# Dropped my 70-200L F4 onto the carpet from my bag. Advice.



## aprotosimaki (Dec 29, 2012)

While under the ravages of the flu, I dropped my 70-200L F4 onto the carpet from my bag. I guess it dropped about 4 feet. What tests do you recommend to make sure it is still functional? If the lens is broken (hopefully not), what are my options? The lens is just over a year old. 

I love it very much and feeling bummed out (the flu does not help matters; I am freezing cold and feel completely out of it which is why I dropped it).

Thanks for any advice.

Simon


----------



## neuroanatomist (Dec 29, 2012)

Same recommendations as for testing a new lens. Test for decentering (easiest seen as asymmetrical vignetting), sharpness (corners should be equally sharp), also, shoot something you've already got a (pre-drop) shot of to compare.


----------



## aprotosimaki (Dec 29, 2012)

Thanks guys for the sage advice. I am going to do exactly what you have recommended, after I get better.


----------



## aprotosimaki (Dec 31, 2012)

My initial tests indicate that the lens is ok.

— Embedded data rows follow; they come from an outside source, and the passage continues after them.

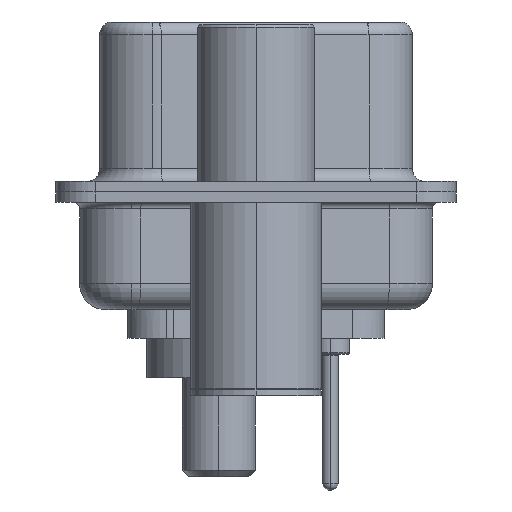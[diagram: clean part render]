
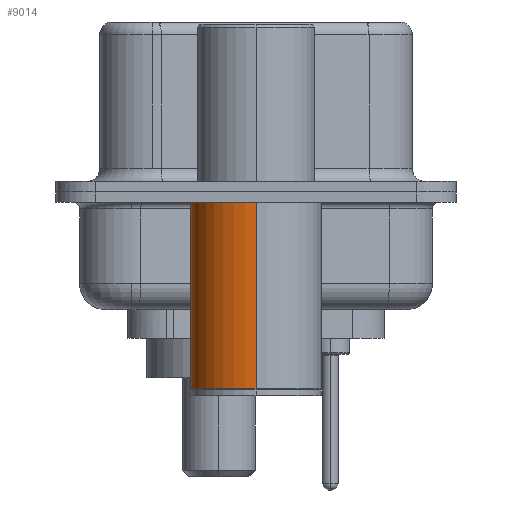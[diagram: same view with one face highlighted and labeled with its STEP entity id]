
A CAD part, left-side view. The second image highlights one B-rep face of the part: STEP entity #9014.
In plain terms, the highlighted cylindrical face has radius 2.5 mm (diameter 5 mm), a partial arc.
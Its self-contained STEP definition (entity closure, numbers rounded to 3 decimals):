
#607 = VERTEX_POINT ( 'NONE', #9710 ) ;
#962 = EDGE_CURVE ( 'NONE', #20765, #607, #8789, .T. ) ;
#1334 = CIRCLE ( 'NONE', #2124, 2.5 ) ;
#1916 = DIRECTION ( 'NONE',  ( 0., 0., 1. ) ) ;
#2124 = AXIS2_PLACEMENT_3D ( 'NONE', #20584, #7482, #7732 ) ;
#3571 = CARTESIAN_POINT ( 'NONE',  ( 2.5, 0., 0.581 ) ) ;
#3738 = CARTESIAN_POINT ( 'NONE',  ( -2.5, 0., 0.581 ) ) ;
#4048 = EDGE_LOOP ( 'NONE', ( #13633, #21704, #11354, #14239 ) ) ;
#4301 = EDGE_CURVE ( 'NONE', #16645, #21053, #1334, .T. ) ;
#4692 = VECTOR ( 'NONE', #1916, 1000. ) ;
#5234 = LINE ( 'NONE', #3738, #4692 ) ;
#5621 = CYLINDRICAL_SURFACE ( 'NONE', #10451, 2.5 ) ;
#5631 = CARTESIAN_POINT ( 'NONE',  ( 2.5, 0., -7.525 ) ) ;
#6046 = CARTESIAN_POINT ( 'NONE',  ( 0., 0., -7.525 ) ) ;
#6174 = CARTESIAN_POINT ( 'NONE',  ( -2.5, 0., -0.4 ) ) ;
#6190 = FACE_OUTER_BOUND ( 'NONE', #4048, .T. ) ;
#7091 = LINE ( 'NONE', #3571, #12437 ) ;
#7169 = DIRECTION ( 'NONE',  ( 0., 0., 1. ) ) ;
#7482 = DIRECTION ( 'NONE',  ( 0., 0., 1. ) ) ;
#7732 = DIRECTION ( 'NONE',  ( 1., 0., 0. ) ) ;
#8662 = DIRECTION ( 'NONE',  ( 1., 0., 0. ) ) ;
#8789 = CIRCLE ( 'NONE', #9915, 2.5 ) ;
#9014 = ADVANCED_FACE ( 'NONE', ( #6190 ), #5621, .T. ) ;
#9710 = CARTESIAN_POINT ( 'NONE',  ( -2.5, 0., -7.525 ) ) ;
#9915 = AXIS2_PLACEMENT_3D ( 'NONE', #6046, #18997, #8662 ) ;
#10451 = AXIS2_PLACEMENT_3D ( 'NONE', #22356, #21965, #21819 ) ;
#10561 = CARTESIAN_POINT ( 'NONE',  ( 2.5, 0., -0.4 ) ) ;
#11354 = ORIENTED_EDGE ( 'NONE', *, *, #4301, .F. ) ;
#12261 = EDGE_CURVE ( 'NONE', #607, #21053, #5234, .T. ) ;
#12437 = VECTOR ( 'NONE', #7169, 1000. ) ;
#13633 = ORIENTED_EDGE ( 'NONE', *, *, #962, .T. ) ;
#14239 = ORIENTED_EDGE ( 'NONE', *, *, #20646, .F. ) ;
#16645 = VERTEX_POINT ( 'NONE', #10561 ) ;
#18997 = DIRECTION ( 'NONE',  ( 0., 0., 1. ) ) ;
#20584 = CARTESIAN_POINT ( 'NONE',  ( 0., 0., -0.4 ) ) ;
#20646 = EDGE_CURVE ( 'NONE', #20765, #16645, #7091, .T. ) ;
#20765 = VERTEX_POINT ( 'NONE', #5631 ) ;
#21053 = VERTEX_POINT ( 'NONE', #6174 ) ;
#21704 = ORIENTED_EDGE ( 'NONE', *, *, #12261, .T. ) ;
#21819 = DIRECTION ( 'NONE',  ( 1., 0., 0. ) ) ;
#21965 = DIRECTION ( 'NONE',  ( 0., 0., 1. ) ) ;
#22356 = CARTESIAN_POINT ( 'NONE',  ( 0., 0., 0.581 ) ) ;

I have to do some more tests but I have to wait for the flu to clear. Thanks again for the advice.


----------



## LetTheRightLensIn (Jan 2, 2013)

neuroanatomist said:


> Same recommendations as for testing a new lens. Test for decentering (easiest seen as asymmetrical vignetting), sharpness (corners should be equally sharp), also, shoot something you've already got a (pre-drop) shot of to compare.



this

my bet is that it will be 100% fine, but doesn't hurt to give it a test

check with IS on and off
if it was the IS version


----------



## bycostello (Jan 3, 2013)

i'd try taking some photos with it....


----------



## cortezopperman (Jan 3, 2013)

bycostello said:


> i'd try taking some photos with it....



+1


----------



## risc32 (Jan 3, 2013)

you should pick it up.


----------



## curtisnull (Jan 3, 2013)

If I drop something I send it to Canon Repair. I can't take chances on something being wrong with it.


----------



## DrChemE (Jan 3, 2013)

I know how you feel; I dropped my 24-105 onto the sidewalk, from about 2 ft a month ago :'(. Cap got a little scratch and then I took some pics with it and everything seems fine. Will try the shots with the printed pages, nice advice. My personal experience, some of these L lenses are built like tanks. Hope everything is OK.


----------



## Mt Spokane Photography (Jan 4, 2013)

Roger Cicala of Lens rentals tests every lens after it is returned from a rental, or if a renter gets a damaged one. Unless you have a good test method for checking proper operation, have a local camera shop or canon do it for you.
The lens almost certainly sustained some internal damage, its just a matter of how much it affected the IQ and sharpness. Home grown tests for finding decentering will detect gross damage, but may not detect slight damage.
And, a cracked internal part that still works for now, will certainly fail just when you need it the most. One of the most common failures are the nylon guide bushings that guide a lens as it zooms or focuses. They can crack and keep right on working until they suddenly fall out of place and into the inner lens where it may rattle around, or jam and damage something else.


----------



## gjones5252 (Jan 10, 2013)

I also dropped my 70-200 2.8 ISii. I ran it through focal today and it used to have a adjustment of -2 and now it is at -1. 
To me that could be a testing issue or a slight bump in the focal alignment. To me the pictures are still looking awesome and there is no weird noises coming from inside the lens under any circumstances. Is there anything else i should do?? I could send it off but it will have to wait as i have a job this weekend. Just not sure i want to get it sent out as it seems to be doing everything great.


----------



## Badger (Jan 11, 2013)

I just got this link as a result of a question I had asked.
Hope it helps.
http://www.canonrumors.com/tech-articles/how-to-test-a-lens/


----------



## emag (Jan 11, 2013)

privatebydesign said:


> Don't worry too much. Test for lens element alignment issues, tape five printed pages on a wall and square your camera to it, space the pages so they are in the center and each corner of your frame and then make teat shots at all focal lengths wide open, either move the camera or the pages to keep them in he corners. If you have alignment issues the pages will have very different sharpnesses.
> 
> 
> If you have an alignment issue Canon can fix it for a reasonable amount, but you have to send it in to them for a quote.



Yup.......teat shots....


----------



## tron (Jan 11, 2013)

gjones5252 said:


> I also dropped my 70-200 2.8 ISii. I ran it through focal today and it used to have a adjustment of -2 and now it is at -1.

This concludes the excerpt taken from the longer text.